» WHAT YOU HAVE TO DO
Skip any pictures. Repeat the data exactly, from its first line through the line that holds "#477 = ORIENTED_EDGE", both included.
━━━ LISTED ENTRIES
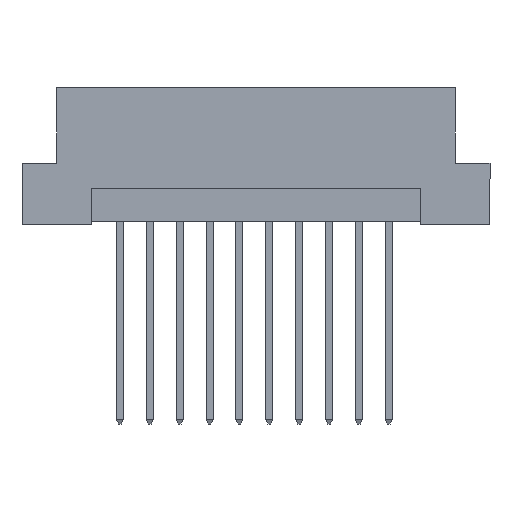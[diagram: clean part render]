
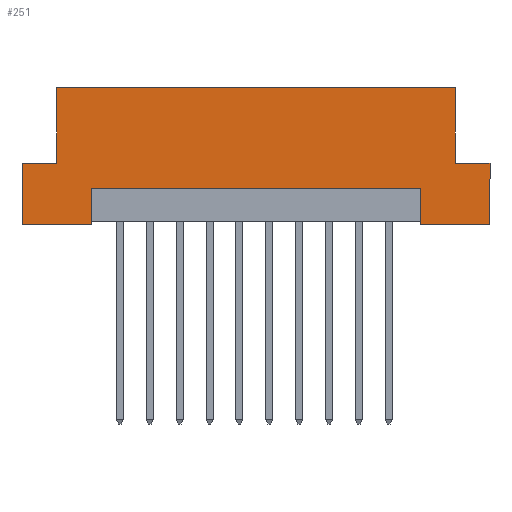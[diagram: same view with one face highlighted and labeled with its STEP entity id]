
A CAD part, front view. The second image highlights one B-rep face of the part: STEP entity #251.
In plain terms, the highlighted planar face has unit normal (0, -1, 0).
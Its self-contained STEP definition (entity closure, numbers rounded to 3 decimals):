
#114 = VERTEX_POINT ( 'NONE', #1781 ) ;
#141 = PLANE ( 'NONE',  #4255 ) ;
#151 = EDGE_CURVE ( 'NONE', #2951, #114, #1260, .T. ) ;
#210 = CARTESIAN_POINT ( 'NONE',  ( 16.94, -4.3, 5.2 ) ) ;
#212 = EDGE_CURVE ( 'NONE', #3546, #1607, #2317, .T. ) ;
#251 = ADVANCED_FACE ( 'NONE', ( #5187 ), #141, .F. ) ;
#266 = LINE ( 'NONE', #1124, #4541 ) ;
#276 = EDGE_CURVE ( 'NONE', #2425, #1370, #4029, .T. ) ;
#354 = EDGE_CURVE ( 'NONE', #1066, #4539, #972, .T. ) ;
#467 = CARTESIAN_POINT ( 'NONE',  ( -16.94, -4.3, 5.2 ) ) ;
#477 = ORIENTED_EDGE ( 'NONE', *, *, #1976, .T. ) ;
#491 = CARTESIAN_POINT ( 'NONE',  ( 16.94, -4.3, 5.2 ) ) ;
#493 = CARTESIAN_POINT ( 'NONE',  ( 19.9, -4.3, 5.2 ) ) ;
#561 = ORIENTED_EDGE ( 'NONE', *, *, #151, .F. ) ;
#623 = EDGE_CURVE ( 'NONE', #2951, #4539, #3073, .T. ) ;
#634 = DIRECTION ( 'NONE',  ( 1., 0., 0. ) ) ;
#776 = LINE ( 'NONE', #3299, #3991 ) ;
#865 = EDGE_CURVE ( 'NONE', #2404, #1607, #776, .T. ) ;
#939 = EDGE_CURVE ( 'NONE', #2425, #3311, #4158, .T. ) ;
#972 = LINE ( 'NONE', #1499, #1090 ) ;
#992 = LINE ( 'NONE', #3075, #4708 ) ;
#996 = VECTOR ( 'NONE', #2992, 1000. ) ;
#1028 = DIRECTION ( 'NONE',  ( 0., 1., 0. ) ) ;
#1066 = VERTEX_POINT ( 'NONE', #3599 ) ;
#1090 = VECTOR ( 'NONE', #1568, 1000. ) ;
#1124 = CARTESIAN_POINT ( 'NONE',  ( -14., -4.3, 0.2 ) ) ;
#1232 = ORIENTED_EDGE ( 'NONE', *, *, #1876, .F. ) ;
#1260 = LINE ( 'NONE', #493, #4973 ) ;
#1263 = LINE ( 'NONE', #467, #5304 ) ;
#1289 = EDGE_CURVE ( 'NONE', #3311, #2838, #992, .T. ) ;
#1370 = VERTEX_POINT ( 'NONE', #4407 ) ;
#1499 = CARTESIAN_POINT ( 'NONE',  ( 19.9, -4.3, 11.6 ) ) ;
#1568 = DIRECTION ( 'NONE',  ( 1., 0., 0. ) ) ;
#1607 = VERTEX_POINT ( 'NONE', #5076 ) ;
#1644 = EDGE_LOOP ( 'NONE', ( #4565, #4140, #477, #3082, #561, #3373, #4720, #4608, #1677, #5068, #4924, #1232 ) ) ;
#1677 = ORIENTED_EDGE ( 'NONE', *, *, #276, .F. ) ;
#1781 = CARTESIAN_POINT ( 'NONE',  ( 19.9, -4.3, 5.2 ) ) ;
#1857 = CARTESIAN_POINT ( 'NONE',  ( 19.9, -4.3, 0. ) ) ;
#1876 = EDGE_CURVE ( 'NONE', #3546, #2838, #266, .T. ) ;
#1976 = EDGE_CURVE ( 'NONE', #2404, #2354, #4649, .T. ) ;
#2261 = DIRECTION ( 'NONE',  ( -1., 0., 0. ) ) ;
#2305 = CARTESIAN_POINT ( 'NONE',  ( -14., -4.3, 3. ) ) ;
#2317 = LINE ( 'NONE', #4833, #3553 ) ;
#2321 = VECTOR ( 'NONE', #634, 1000. ) ;
#2354 = VERTEX_POINT ( 'NONE', #1857 ) ;
#2396 = CARTESIAN_POINT ( 'NONE',  ( -19.9, -4.3, 0. ) ) ;
#2404 = VERTEX_POINT ( 'NONE', #3154 ) ;
#2425 = VERTEX_POINT ( 'NONE', #4848 ) ;
#2801 = DIRECTION ( 'NONE',  ( 0., 0., -1. ) ) ;
#2838 = VERTEX_POINT ( 'NONE', #4361 ) ;
#2951 = VERTEX_POINT ( 'NONE', #491 ) ;
#2957 = DIRECTION ( 'NONE',  ( 0., 0., 1. ) ) ;
#2992 = DIRECTION ( 'NONE',  ( 0., 0., -1. ) ) ;
#3073 = LINE ( 'NONE', #210, #5137 ) ;
#3075 = CARTESIAN_POINT ( 'NONE',  ( 19.9, -4.3, 0. ) ) ;
#3079 = DIRECTION ( 'NONE',  ( 1., 0., 0. ) ) ;
#3082 = ORIENTED_EDGE ( 'NONE', *, *, #4288, .F. ) ;
#3095 = VECTOR ( 'NONE', #4113, 1000. ) ;
#3154 = CARTESIAN_POINT ( 'NONE',  ( 14., -4.3, 0. ) ) ;
#3250 = CARTESIAN_POINT ( 'NONE',  ( 19.9, -4.3, 11.6 ) ) ;
#3299 = CARTESIAN_POINT ( 'NONE',  ( 14., -4.3, 0.2 ) ) ;
#3311 = VERTEX_POINT ( 'NONE', #2396 ) ;
#3373 = ORIENTED_EDGE ( 'NONE', *, *, #623, .T. ) ;
#3438 = CARTESIAN_POINT ( 'NONE',  ( 19.9, -4.3, 0. ) ) ;
#3546 = VERTEX_POINT ( 'NONE', #2305 ) ;
#3553 = VECTOR ( 'NONE', #3079, 1000. ) ;
#3587 = DIRECTION ( 'NONE',  ( 0., 0., 1. ) ) ;
#3599 = CARTESIAN_POINT ( 'NONE',  ( -16.94, -4.3, 11.6 ) ) ;
#3651 = LINE ( 'NONE', #3250, #3095 ) ;
#3658 = CARTESIAN_POINT ( 'NONE',  ( 16.94, -4.3, 11.6 ) ) ;
#3804 = CARTESIAN_POINT ( 'NONE',  ( -19.9, -4.3, 11.6 ) ) ;
#3844 = VECTOR ( 'NONE', #4240, 1000. ) ;
#3885 = DIRECTION ( 'NONE',  ( 1., 0., 0. ) ) ;
#3991 = VECTOR ( 'NONE', #4996, 1000. ) ;
#4029 = LINE ( 'NONE', #4768, #2321 ) ;
#4113 = DIRECTION ( 'NONE',  ( 0., 0., -1. ) ) ;
#4140 = ORIENTED_EDGE ( 'NONE', *, *, #865, .F. ) ;
#4158 = LINE ( 'NONE', #3804, #996 ) ;
#4240 = DIRECTION ( 'NONE',  ( 1., 0., 0. ) ) ;
#4255 = AXIS2_PLACEMENT_3D ( 'NONE', #4326, #1028, #2261 ) ;
#4288 = EDGE_CURVE ( 'NONE', #114, #2354, #3651, .T. ) ;
#4326 = CARTESIAN_POINT ( 'NONE',  ( 19.9, -4.3, 11.6 ) ) ;
#4361 = CARTESIAN_POINT ( 'NONE',  ( -14., -4.3, 0. ) ) ;
#4407 = CARTESIAN_POINT ( 'NONE',  ( -16.94, -4.3, 5.2 ) ) ;
#4539 = VERTEX_POINT ( 'NONE', #3658 ) ;
#4541 = VECTOR ( 'NONE', #2801, 1000. ) ;
#4565 = ORIENTED_EDGE ( 'NONE', *, *, #212, .T. ) ;
#4608 = ORIENTED_EDGE ( 'NONE', *, *, #4643, .F. ) ;
#4643 = EDGE_CURVE ( 'NONE', #1370, #1066, #1263, .T. ) ;
#4649 = LINE ( 'NONE', #3438, #3844 ) ;
#4708 = VECTOR ( 'NONE', #3885, 1000. ) ;
#4720 = ORIENTED_EDGE ( 'NONE', *, *, #354, .F. ) ;
#4768 = CARTESIAN_POINT ( 'NONE',  ( -19.9, -4.3, 5.2 ) ) ;
#4833 = CARTESIAN_POINT ( 'NONE',  ( -14., -4.3, 3. ) ) ;
#4848 = CARTESIAN_POINT ( 'NONE',  ( -19.9, -4.3, 5.2 ) ) ;
#4924 = ORIENTED_EDGE ( 'NONE', *, *, #1289, .T. ) ;
#4973 = VECTOR ( 'NONE', #5165, 1000. ) ;
#4996 = DIRECTION ( 'NONE',  ( 0., 0., 1. ) ) ;
#5068 = ORIENTED_EDGE ( 'NONE', *, *, #939, .T. ) ;
#5076 = CARTESIAN_POINT ( 'NONE',  ( 14., -4.3, 3. ) ) ;
#5137 = VECTOR ( 'NONE', #3587, 1000. ) ;
#5165 = DIRECTION ( 'NONE',  ( 1., 0., 0. ) ) ;
#5187 = FACE_OUTER_BOUND ( 'NONE', #1644, .T. ) ;
#5304 = VECTOR ( 'NONE', #2957, 1000. ) ;
━━━━━━
» OUTPUT
[diagram: clean part render]
[diagram: same view with one face highlighted and labeled with its STEP entity id]
A CAD part, front view. The second image highlights one B-rep face of the part: STEP entity #251.
In plain terms, the highlighted planar face has unit normal (0, -1, 0).
Its self-contained STEP definition (entity closure, numbers rounded to 3 decimals):
#114 = VERTEX_POINT ( 'NONE', #1781 ) ;
#141 = PLANE ( 'NONE',  #4255 ) ;
#151 = EDGE_CURVE ( 'NONE', #2951, #114, #1260, .T. ) ;
#210 = CARTESIAN_POINT ( 'NONE',  ( 16.94, -4.3, 5.2 ) ) ;
#212 = EDGE_CURVE ( 'NONE', #3546, #1607, #2317, .T. ) ;
#251 = ADVANCED_FACE ( 'NONE', ( #5187 ), #141, .F. ) ;
#266 = LINE ( 'NONE', #1124, #4541 ) ;
#276 = EDGE_CURVE ( 'NONE', #2425, #1370, #4029, .T. ) ;
#354 = EDGE_CURVE ( 'NONE', #1066, #4539, #972, .T. ) ;
#467 = CARTESIAN_POINT ( 'NONE',  ( -16.94, -4.3, 5.2 ) ) ;
#477 = ORIENTED_EDGE ( 'NONE', *, *, #1976, .T. ) ;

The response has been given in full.